Among the entries that follow, the required portion opens with the line containing "#11=(NAMED_UNIT(*) PLANE_ANGLE_UNIT() SI_UNIT($,.RADIAN.));" and closes with the line containing "#15=CARTESIAN_POINT('',(0.,0.,0.));". Give that portion again exactly, and nothing else.

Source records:
^^^^^^^^
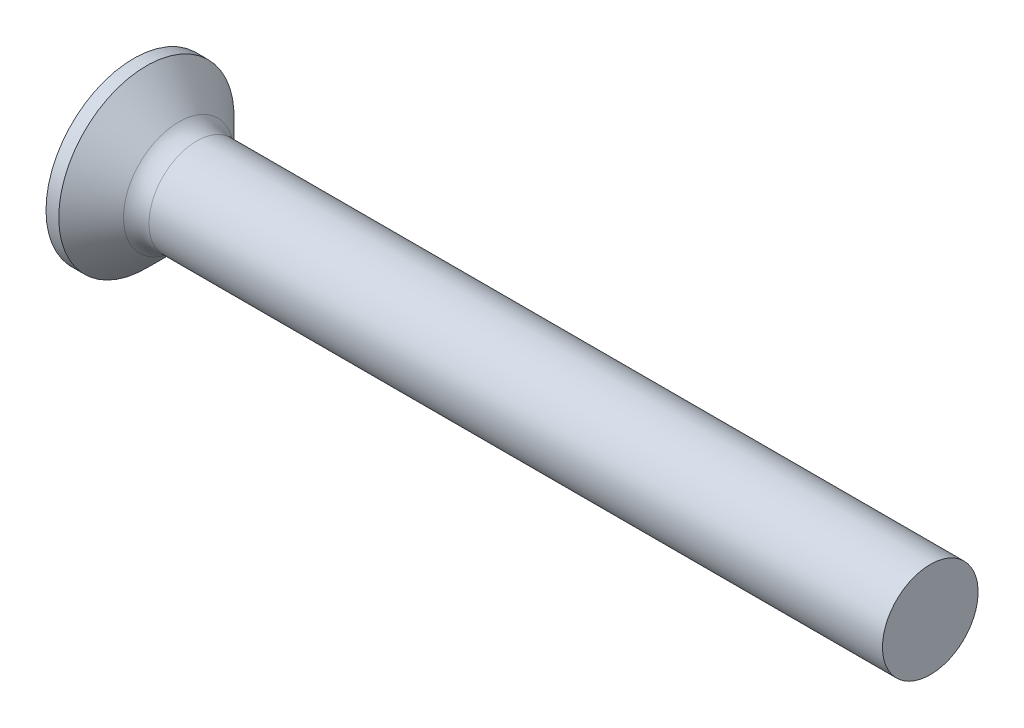
ISO-10303-21;
HEADER;
FILE_DESCRIPTION(('STEP AP214'),'2;1');
FILE_NAME('part.step','',(''),(''),'','','');
FILE_SCHEMA(('AUTOMOTIVE_DESIGN { 1 0 10303 214 1 1 1 1 }'));
ENDSEC;
DATA;
#1=APPLICATION_CONTEXT('core data for automotive mechanical design processes');
#2=APPLICATION_PROTOCOL_DEFINITION('international standard','automotive_design',2000,#1);
#3=PRODUCT_CONTEXT('',#1,'mechanical');
#4=PRODUCT('Part','Part','',(#3));
#5=PRODUCT_RELATED_PRODUCT_CATEGORY('part','',(#4));
#6=PRODUCT_DEFINITION_FORMATION('','',#4);
#7=PRODUCT_DEFINITION_CONTEXT('part definition',#1,'design');
#8=PRODUCT_DEFINITION('design','',#6,#7);
#9=PRODUCT_DEFINITION_SHAPE('','',#8);
#10=(LENGTH_UNIT() NAMED_UNIT(*) SI_UNIT(.MILLI.,.METRE.));
#11=(NAMED_UNIT(*) PLANE_ANGLE_UNIT() SI_UNIT($,.RADIAN.));
#12=(NAMED_UNIT(*) SI_UNIT($,.STERADIAN.) SOLID_ANGLE_UNIT());
#13=UNCERTAINTY_MEASURE_WITH_UNIT(LENGTH_MEASURE(1.E-05),#10,'distance_accuracy_value','');
#14=(GEOMETRIC_REPRESENTATION_CONTEXT(3) GLOBAL_UNCERTAINTY_ASSIGNED_CONTEXT((#13)) GLOBAL_UNIT_ASSIGNED_CONTEXT((#10,
#11,#12)) REPRESENTATION_CONTEXT('',''));
#15=CARTESIAN_POINT('',(0.,0.,0.));
#16=DIRECTION('',(0.,0.,1.));
#17=DIRECTION('',(1.,0.,0.));
#18=AXIS2_PLACEMENT_3D('',#15,#16,#17);
#19=CARTESIAN_POINT('',(2.01,-0.497851135403458,0.37));
#20=DIRECTION('',(0.,0.,-1.));
#21=DIRECTION('',(0.,1.,0.));
#22=AXIS2_PLACEMENT_3D('',#19,#20,#21);
#23=PLANE('',#22);
#24=DIRECTION('',(0.,-1.,0.));
#25=VECTOR('',#24,1.);
#26=CARTESIAN_POINT('',(0.,1.5,0.37));
#27=LINE('',#26,#25);
#28=CARTESIAN_POINT('',(0.,-0.590157547916263,0.37));
#29=VERTEX_POINT('',#28);
#30=CARTESIAN_POINT('',(0.,-1.5,0.37));
#31=VERTEX_POINT('',#30);
#32=EDGE_CURVE('E459',#29,#31,#27,.T.);
#33=ORIENTED_EDGE('',*,*,#32,.F.);
#34=CARTESIAN_POINT('',(-1.01053649691082,-0.672102030072118,0.37));
#35=CARTESIAN_POINT('',(-0.79970605871103,-0.655267098883947,0.37));
#36=CARTESIAN_POINT('',(-0.588886212503304,-0.638297110572311,0.37));
#37=CARTESIAN_POINT('',(-0.167272662529611,-0.603984130519828,0.37));
#38=CARTESIAN_POINT('',(0.0435210406290471,-0.586641131324258,0.37));
#39=CARTESIAN_POINT('',(0.465068838244709,-0.551479911667385,0.37));
#40=CARTESIAN_POINT('',(0.67582293271526,-0.533661691368909,0.37));
#41=CARTESIAN_POINT('',(1.09727362083221,-0.497387538872971,0.37));
#42=CARTESIAN_POINT('',(1.30797021521736,-0.478931615299089,0.37));
#43=CARTESIAN_POINT('',(1.67418894757201,-0.446067164121905,0.37));
#44=CARTESIAN_POINT('',(1.82972932585734,-0.431862501028414,0.37));
#45=CARTESIAN_POINT('',(2.14074770359484,-0.40279770973988,0.37));
#46=CARTESIAN_POINT('',(2.29622570356215,-0.38793758707517,0.37));
#47=CARTESIAN_POINT('',(2.60710169348415,-0.357305117937676,0.37));
#48=CARTESIAN_POINT('',(2.76249967840253,-0.34153271979064,0.37));
#49=CARTESIAN_POINT('',(2.99549070742189,-0.316847908281595,0.37));
#50=CARTESIAN_POINT('',(3.07313791118864,-0.308448465897182,0.37));
#51=CARTESIAN_POINT('',(3.22838341575769,-0.291202251048339,0.37));
#52=CARTESIAN_POINT('',(3.30598171599396,-0.282355473499083,0.37));
#53=CARTESIAN_POINT('',(3.38354828463398,-0.273232461289951,0.37));
#54=B_SPLINE_CURVE_WITH_KNOTS('',3,(#34,#35,#36,#37,#38,#39,#40,#41,#42,#43,#44,#45,#46,#47,#48,
#49,#50,#51,#52,#53),.UNSPECIFIED.,.F.,.F.,(4,2,2,2,2,2,2,2,2,4),(0.,0.634504777554396,
1.26902224766093,1.90353950036111,2.53804817592041,3.00661008438666,3.47516804019383,
3.94375256268972,4.17805198331267,4.41235406779909),.UNSPECIFIED.);
#55=CARTESIAN_POINT('',(2.01,-0.415013252800437,0.37));
#56=VERTEX_POINT('',#55);
#57=EDGE_CURVE('E214',#29,#56,#54,.T.);
#58=ORIENTED_EDGE('',*,*,#57,.T.);
#59=DIRECTION('',(0.,-1.,0.));
#60=VECTOR('',#59,1.);
#61=CARTESIAN_POINT('',(2.01,0.497851135403459,0.37));
#62=LINE('',#61,#60);
#63=CARTESIAN_POINT('',(2.01,-0.497851135403458,0.37));
#64=VERTEX_POINT('',#63);
#65=EDGE_CURVE('E367',#56,#64,#62,.T.);
#66=ORIENTED_EDGE('',*,*,#65,.T.);
#67=DIRECTION('',(0.894934391398442,0.446197753347436,0.));
#68=VECTOR('',#67,1.);
#69=CARTESIAN_POINT('',(0.,-1.5,0.37));
#70=LINE('',#69,#68);
#71=EDGE_CURVE('E467',#31,#64,#70,.T.);
#72=ORIENTED_EDGE('',*,*,#71,.F.);
#73=EDGE_LOOP('',(#33,#58,#66,#72));
#74=FACE_BOUND('',#73,.T.);
#75=ADVANCED_FACE('F35',(#74),#23,.T.);
#76=CARTESIAN_POINT('',(2.01,0.497851135403459,0.37));
#77=VERTEX_POINT('',#76);
#78=CARTESIAN_POINT('',(2.01,0.415013252800437,0.37));
#79=VERTEX_POINT('',#78);
#80=EDGE_CURVE('E363',#77,#79,#62,.T.);
#81=ORIENTED_EDGE('',*,*,#80,.T.);
#82=CARTESIAN_POINT('',(-1.01053649699026,0.672102030078459,0.37));
#83=CARTESIAN_POINT('',(-0.799706058781648,0.65526709888962,0.37));
#84=CARTESIAN_POINT('',(-0.588886212565099,0.638297110577309,0.37));
#85=CARTESIAN_POINT('',(-0.167272662573759,0.603984130523453,0.37));
#86=CARTESIAN_POINT('',(0.043521040593722,0.586641131327185,0.37));
#87=CARTESIAN_POINT('',(0.465068838236453,0.551479911668094,0.37));
#88=CARTESIAN_POINT('',(0.675822932725248,0.533661691368078,0.37));
#89=CARTESIAN_POINT('',(1.09727362087867,0.497387538868943,0.37));
#90=CARTESIAN_POINT('',(1.30797021528206,0.478931615293404,0.37));
#91=CARTESIAN_POINT('',(1.67418894765493,0.446067164114376,0.37));
#92=CARTESIAN_POINT('',(1.82972932594025,0.431862501020785,0.37));
#93=CARTESIAN_POINT('',(2.14074770367772,0.402797709732015,0.37));
#94=CARTESIAN_POINT('',(2.29622570364503,0.38793758706717,0.37));
#95=CARTESIAN_POINT('',(2.60710169356699,0.357305117929346,0.37));
#96=CARTESIAN_POINT('',(2.76249967848536,0.341532719782116,0.37));
#97=CARTESIAN_POINT('',(2.99549070750468,0.316847908272698,0.37));
#98=CARTESIAN_POINT('',(3.07313791127142,0.308448465888148,0.37));
#99=CARTESIAN_POINT('',(3.22838341584044,0.291202251038989,0.37));
#100=CARTESIAN_POINT('',(3.30598171607669,0.282355473489554,0.37));
#101=CARTESIAN_POINT('',(3.38354828471668,0.273232461280216,0.37));
#102=B_SPLINE_CURVE_WITH_KNOTS('',3,(#82,#83,#84,#85,#86,#87,#88,#89,#90,#91,#92,#93,#94,#95,
#96,#97,#98,#99,#100,#101),.UNSPECIFIED.,.F.,.F.,(4,2,2,2,2,2,2,2,2,4),(0.,0.634504777580944,
1.26902224771403,1.90353950046914,2.53804817608336,3.00661008454961,3.47516804035678,
3.94375256285268,4.17805198347564,4.41235406796206),.UNSPECIFIED.);
#103=CARTESIAN_POINT('',(0.,0.590157547916263,0.37));
#104=VERTEX_POINT('',#103);
#105=EDGE_CURVE('E207',#79,#104,#102,.F.);
#106=ORIENTED_EDGE('',*,*,#105,.T.);
#107=CARTESIAN_POINT('',(0.,1.5,0.37));
#108=VERTEX_POINT('',#107);
#109=EDGE_CURVE('E461',#108,#104,#27,.T.);
#110=ORIENTED_EDGE('',*,*,#109,.F.);
#111=DIRECTION('',(0.894934391398442,-0.446197753347436,0.));
#112=VECTOR('',#111,1.);
#113=CARTESIAN_POINT('',(0.,1.5,0.37));
#114=LINE('',#113,#112);
#115=EDGE_CURVE('E58',#108,#77,#114,.T.);
#116=ORIENTED_EDGE('',*,*,#115,.T.);
#117=EDGE_LOOP('',(#81,#106,#110,#116));
#118=FACE_BOUND('',#117,.T.);
#119=ADVANCED_FACE('F189',(#118),#23,.T.);
#120=CARTESIAN_POINT('',(2.01,0.497851135403459,-0.37));
#121=DIRECTION('',(0.,0.,1.));
#122=DIRECTION('',(1.,0.,0.));
#123=AXIS2_PLACEMENT_3D('',#120,#121,#122);
#124=PLANE('',#123);
#125=DIRECTION('',(0.,1.,0.));
#126=VECTOR('',#125,1.);
#127=CARTESIAN_POINT('',(2.01,-0.497851135403458,-0.37));
#128=LINE('',#127,#126);
#129=CARTESIAN_POINT('',(2.01,-0.497851135403458,-0.37));
#130=VERTEX_POINT('',#129);
#131=CARTESIAN_POINT('',(2.01,-0.415013252800437,-0.37));
#132=VERTEX_POINT('',#131);
#133=EDGE_CURVE('E376',#130,#132,#128,.T.);
#134=ORIENTED_EDGE('',*,*,#133,.T.);
#135=CARTESIAN_POINT('',(-1.01053649691082,-0.672102030072118,-0.37));
#136=CARTESIAN_POINT('',(-0.79970605871103,-0.655267098883947,-0.37));
#137=CARTESIAN_POINT('',(-0.588886212503304,-0.638297110572311,-0.37));
#138=CARTESIAN_POINT('',(-0.167272662529611,-0.603984130519828,-0.37));
#139=CARTESIAN_POINT('',(0.0435210406290471,-0.586641131324258,-0.37));
#140=CARTESIAN_POINT('',(0.465068838244709,-0.551479911667385,-0.37));
#141=CARTESIAN_POINT('',(0.67582293271526,-0.533661691368909,-0.37));
#142=CARTESIAN_POINT('',(1.09727362083221,-0.497387538872971,-0.37));
#143=CARTESIAN_POINT('',(1.30797021521736,-0.478931615299089,-0.37));
#144=CARTESIAN_POINT('',(1.67418894757201,-0.446067164121906,-0.37));
#145=CARTESIAN_POINT('',(1.82972932585734,-0.431862501028414,-0.37));
#146=CARTESIAN_POINT('',(2.14074770359484,-0.40279770973988,-0.37));
#147=CARTESIAN_POINT('',(2.29622570356215,-0.38793758707517,-0.37));
#148=CARTESIAN_POINT('',(2.60710169348415,-0.357305117937677,-0.37));
#149=CARTESIAN_POINT('',(2.76249967840253,-0.34153271979064,-0.37));
#150=CARTESIAN_POINT('',(2.99549070742189,-0.316847908281595,-0.37));
#151=CARTESIAN_POINT('',(3.07313791118864,-0.308448465897182,-0.37));
#152=CARTESIAN_POINT('',(3.22838341575769,-0.291202251048339,-0.37));
#153=CARTESIAN_POINT('',(3.30598171599396,-0.282355473499083,-0.37));
#154=CARTESIAN_POINT('',(3.38354828463398,-0.273232461289951,-0.37));
#155=B_SPLINE_CURVE_WITH_KNOTS('',3,(#135,#136,#137,#138,#139,#140,#141,#142,#143,#144,#145,
#146,#147,#148,#149,#150,#151,#152,#153,#154),.UNSPECIFIED.,.F.,.F.,(4,2,2,2,2,2,2,2,2,4),(0.,
0.634504777554396,1.26902224766093,1.90353950036111,2.53804817592041,3.00661008438666,
3.47516804019383,3.94375256268972,4.17805198331267,4.41235406779909),.UNSPECIFIED.);
#156=CARTESIAN_POINT('',(0.,-0.590157547916263,-0.37));
#157=VERTEX_POINT('',#156);
#158=EDGE_CURVE('E270',#132,#157,#155,.F.);
#159=ORIENTED_EDGE('',*,*,#158,.T.);
#160=DIRECTION('',(0.,1.,0.));
#161=VECTOR('',#160,1.);
#162=CARTESIAN_POINT('',(0.,-1.5,-0.37));
#163=LINE('',#162,#161);
#164=CARTESIAN_POINT('',(0.,-1.5,-0.37));
#165=VERTEX_POINT('',#164);
#166=EDGE_CURVE('E460',#165,#157,#163,.T.);
#167=ORIENTED_EDGE('',*,*,#166,.F.);
#168=DIRECTION('',(0.894934391398442,0.446197753347436,0.));
#169=VECTOR('',#168,1.);
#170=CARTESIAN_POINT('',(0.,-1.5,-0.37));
^^^^^^^^
- **Problem solution**:
#11=(NAMED_UNIT(*) PLANE_ANGLE_UNIT() SI_UNIT($,.RADIAN.));
#12=(NAMED_UNIT(*) SI_UNIT($,.STERADIAN.) SOLID_ANGLE_UNIT());
#13=UNCERTAINTY_MEASURE_WITH_UNIT(LENGTH_MEASURE(1.E-05),#10,'distance_accuracy_value','');
#14=(GEOMETRIC_REPRESENTATION_CONTEXT(3) GLOBAL_UNCERTAINTY_ASSIGNED_CONTEXT((#13)) GLOBAL_UNIT_ASSIGNED_CONTEXT((#10,
#11,#12)) REPRESENTATION_CONTEXT('',''));
#15=CARTESIAN_POINT('',(0.,0.,0.));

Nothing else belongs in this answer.